Stephanie, you aren't hi-jacking at all  I love to talk Golden puppy... It should NOT be hard to teach a Golden to retrieve a duck, however it can be because so many people have focused on breeding strictly for show and completely ignoring the instincts that are necessary for what they were originally bred for. If you have a dog like Ellie who has been bred with both correct structure, temperament AND hunting instinct, it is not hard at all. Let's say you had a puppy who had a great multi-purpose dog behind her like Fisher or Tito, and a mom with great field and performance lines behind her like Sunfire and Firemark etc.  you could probably bet on that pup being a natural retriever with a love of water and a lot of go and desire to retrieve. All you would have to do is give a great obedience foundation and find a field group to help you train and get a good start. Someone who was thinking about that might want to check out the Jackie Mertens video "Sound Beginnings." It is excellent and shows how to give a good obedience start.

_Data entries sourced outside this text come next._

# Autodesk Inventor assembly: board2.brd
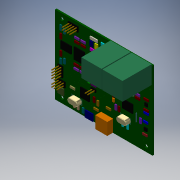
[picture p0: Inventor's stored thumbnail of the model, 180x180]
Saved by Autodesk Inventor 2016 (Build 200138000, 138)
## iProperties
Created: 2016-04-08
Part Number: board2.brd
Document SubType Name: Assembly
Designer: Paschalis
Author: Paschalis
## Documents named in this file (48)
- C:\Users\Paschalis\Documents\eagle\Measuring-PCB\3D\New3DTry\board2.brd.iam
- C:\Users\Paschalis\Documents\eagle\Measuring-PCB\3D\New3DTry\board2.brd_Outline.ipt
- C:\Users\Paschalis\Documents\eagle\Measuring-PCB\3D\New3DTry\PHOENIX-TERMINAL-3PIN, PHOENIX-TERMINAL-3PIN_1.ipt
- C:\Users\Paschalis\Documents\eagle\Measuring-PCB\3D\New3DTry\SOT95P280X145-6N, ADR3425ARJZ-R7_3.ipt
- C:\Users\Paschalis\Documents\eagle\Measuring-PCB\3D\New3DTry\SOP65P780X200-28N, ADS1256IDBT_5.ipt
- C:\Users\Paschalis\Documents\eagle\Measuring-PCB\3D\New3DTry\SOIC127P1032X265-16N, ADUM5000ARWZ_7.ipt
- C:\Users\Paschalis\Documents\eagle\Measuring-PCB\3D\New3DTry\1X02_NO_SILK, AIN6-7_1X02_NO_SILK_9.ipt
- C:\Users\Paschalis\Documents\eagle\Measuring-PCB\3D\New3DTry\TQFP32-08, ATMEGA328P_TQFP_11.ipt
- C:\Users\Paschalis\Documents\eagle\Measuring-PCB\3D\New3DTry\BATTCON_12MM, 3V_13.ipt
- C:\Users\Paschalis\Documents\eagle\Measuring-PCB\3D\New3DTry\C3216, 10U_15.ipt
- C:\Users\Paschalis\Documents\eagle\Measuring-PCB\3D\New3DTry\C3216, 0_1U_17.ipt
- C:\Users\Paschalis\Documents\eagle\Measuring-PCB\3D\New3DTry\C3216, 47U_19.ipt
- C:\Users\Paschalis\Documents\eagle\Measuring-PCB\3D\New3DTry\C3216, 100P_22.ipt
- C:\Users\Paschalis\Documents\eagle\Measuring-PCB\3D\New3DTry\C3216, 18P_26.ipt
- C:\Users\Paschalis\Documents\eagle\Measuring-PCB\3D\New3DTry\C3216, 1U_47.ipt
- C:\Users\Paschalis\Documents\eagle\Measuring-PCB\3D\New3DTry\C3216, 10N_49.ipt
- C:\Users\Paschalis\Documents\eagle\Measuring-PCB\3D\New3DTry\C3216, 2_2U_51.ipt
- C:\Users\Paschalis\Documents\eagle\Measuring-PCB\3D\New3DTry\C3216, 22P_53.ipt
- C:\Users\Paschalis\Documents\eagle\Measuring-PCB\3D\New3DTry\1X04_NO_SILK_ALL_ROUND, D0-D3_1X04_NO_SILK_ALL_ROUND_59.ipt
- C:\Users\Paschalis\Documents\eagle\Measuring-PCB\3D\New3DTry\DS3234, DS3234_61.ipt
- C:\Users\Paschalis\Documents\eagle\Measuring-PCB\3D\New3DTry\PAS_5X20, 15A_63.ipt
- C:\Users\Paschalis\Documents\eagle\Measuring-PCB\3D\New3DTry\2X3, FEMALE_65.ipt
- C:\Users\Paschalis\Documents\eagle\Measuring-PCB\3D\New3DTry\2X04, ISOLATED_CON_2X04_67.ipt
- C:\Users\Paschalis\Documents\eagle\Measuring-PCB\3D\New3DTry\1X03, JP1A_1X03_69.ipt
- C:\Users\Paschalis\Documents\eagle\Measuring-PCB\3D\New3DTry\1X03, JP1B_1X03_71.ipt
- C:\Users\Paschalis\Documents\eagle\Measuring-PCB\3D\New3DTry\1X03, JP2A_1X03_73.ipt
- C:\Users\Paschalis\Documents\eagle\Measuring-PCB\3D\New3DTry\1X03, JP2B_1X03_75.ipt
- C:\Users\Paschalis\Documents\eagle\Measuring-PCB\3D\New3DTry\CHIPLED_0805, LED1_CHIPLED_0805_77.ipt
- C:\Users\Paschalis\Documents\eagle\Measuring-PCB\3D\New3DTry\SOT95P280X145-5N, LP2985-33DBVT_79.ipt
- C:\Users\Paschalis\Documents\eagle\Measuring-PCB\3D\New3DTry\SOIC-16, IC_DIL16-SOIC-16_81.ipt
- C:\Users\Paschalis\Documents\eagle\Measuring-PCB\3D\New3DTry\2X04, NON-ISOLATED_CON_2X04_83.ipt
- C:\Users\Paschalis\Documents\eagle\Measuring-PCB\3D\New3DTry\HC49U-V, 7_68MHZ_85.ipt
- C:\Users\Paschalis\Documents\eagle\Measuring-PCB\3D\New3DTry\HC49U-V, 16MHZ_87.ipt
- C:\Users\Paschalis\Documents\eagle\Measuring-PCB\3D\New3DTry\LVK25, 0_005_89.ipt
- C:\Users\Paschalis\Documents\eagle\Measuring-PCB\3D\New3DTry\R3216, 4_7K_91.ipt
- C:\Users\Paschalis\Documents\eagle\Measuring-PCB\3D\New3DTry\M3216, 560K_93.ipt
- C:\Users\Paschalis\Documents\eagle\Measuring-PCB\3D\New3DTry\M3216, 5_49M_95.ipt
- C:\Users\Paschalis\Documents\eagle\Measuring-PCB\3D\New3DTry\M3216, 1K_100.ipt
- C:\Users\Paschalis\Documents\eagle\Measuring-PCB\3D\New3DTry\R3216, 100_105.ipt
- C:\Users\Paschalis\Documents\eagle\Measuring-PCB\3D\New3DTry\R3216, 10K_109.ipt
- C:\Users\Paschalis\Documents\eagle\Measuring-PCB\3D\New3DTry\R3216, 1K_113.ipt
- C:\Users\Paschalis\Documents\eagle\Measuring-PCB\3D\New3DTry\TACTILE_SWITCH_TALL, SWITCH-MOMENTARY-2SMD-4_115.ipt
- C:\Users\Paschalis\Documents\eagle\Measuring-PCB\3D\New3DTry\SJ, RST_SJ_117.ipt
- C:\Users\Paschalis\Documents\eagle\Measuring-PCB\3D\New3DTry\1X02, RX-TX_1X02_119.ipt
- C:\Users\Paschalis\Documents\eagle\Measuring-PCB\3D\New3DTry\SJ, SYNC_SJ_121.ipt
- C:\Users\Paschalis\Documents\eagle\Measuring-PCB\3D\New3DTry\PAS-PHOENIXTERMINAL-2PIN-10_16MM, PAS-PHOENIXTERMINAL2PIN-10_16MM_123.ipt
- C:\Users\Paschalis\Documents\eagle\Measuring-PCB\3D\headers.ipt
- C:\Users\Paschalis\Documents\eagle\Measuring-PCB\3D\crystals.ipt
## Components (84 placed, 84 different names)
1. board2.brd_Outline:1 — Flush:2, Flush:4
2. 1WIRE-BUS_2
3. ADR3425_4
4. ADS1256_6
5. ADUM5000_8
6. AIN6-7_10
7. ATMEGA328_12
8. BAT1_14
9. C1_16
10. C2_18
11. C3_20
12. C4_21
13. C5_23
14. C6_24
15. C7_25
16. C8_27
17. C9_28
18. C10_29
19. C11_30
20. C12_31
21. C13_32
22. C14_33
23. C15_34
24. C16_35
25. C17_36
26. C18_37
27. C19_38
28. C20_39
29. C21_40
30. C22_41
31. C23_42
32. C24_43
33. C25_44
34. C26_45
35. C27_46
36. C28_48
37. C29_50
38. C30_52
39. C31_54
40. C32_55
41. C33_56
42. C34_57
43. C35_58
44. D0-D3_60
45. DS3234_62
46. F1_64
47. 2X3_66
48. ISOLATED_CON_68 — Flush:1
49. JP1A_70
50. JP1B_72
51. JP2A_74
52. JP2B_76
53. LED1_78
54. LP2985_80
55. MAX14850_82
56. NON-ISOLATED_CON_84
57. Q1_86
58. Q2_88 — Flush:3
59. R1_90
60. R2_92
61. R2A40_94
62. R2A400_96
63. R2B40_97
64. R2B400_98
65. R3_99
66. R3A_101
67. R3B_102
68. R4_103
69. R5_104
70. R6_106
71. R7_107
72. R8_108
73. R9_110
74. R10_111
75. R11_112
76. R12_114
77. RESET_116
78. RST_118
79. RX-TX_120
80. SYNC_122
81. VOUT_124
82. VPANEL_125
83. headers:1 — Flush:1, Flush:2
84. crystals:1 — Flush:3, Flush:4
## Relationships (4: Flush 4)
- Flush:1: ISOLATED_CON_68 ↔ headers:1
- Flush:2: board2.brd_Outline:1 ↔ headers:1
- Flush:3: Q2_88 ↔ crystals:1
- Flush:4: board2.brd_Outline:1 ↔ crystals:1

Field training is a lot of fun if you enjoy being out of doors....


----------



## nolefan (Nov 6, 2009)

Karen519 said:


> I'm in love with Ellie-she is so beautiful!


Karen, thank you so much for your kind words, Ellie is truly beautiful both inside and out - she is the biggest sweetheart and snuggler I've ever had (my first boy, Wesley, loved to be a lap dog, but I think Ellie is more velcro that even he was.)


----------



## Sweet Girl (Jun 10, 2010)

nolefan said:


> Stephanie, you aren't hi-jacking at all  I love to talk Golden puppy... It should NOT be hard to teach a Golden to retrieve a duck, however it can be because so many people have focused on breeding strictly for show and completely ignoring the instincts that are necessary for what they were originally bred for. If you have a dog like Ellie who has been bred with both correct structure, temperament AND hunting instinct, it is not hard at all. Let's say you had a puppy who had a great multi-purpose dog behind her like Fisher or Tito, and a mom with great field and performance lines behind her like Sunfire and Firemark etc.  you could probably bet on that pup being a natural retriever with a love of water and a lot of go and desire to retrieve. All you would have to do is give a great obedience foundation and find a field group to help you train and get a good start. Someone who was thinking about that might want to check out the Jackie Mertens video "Sound Beginnings." It is excellent and shows how to give a good obedience start.
> 
> Field training is a lot of fun if you enjoy being out of doors....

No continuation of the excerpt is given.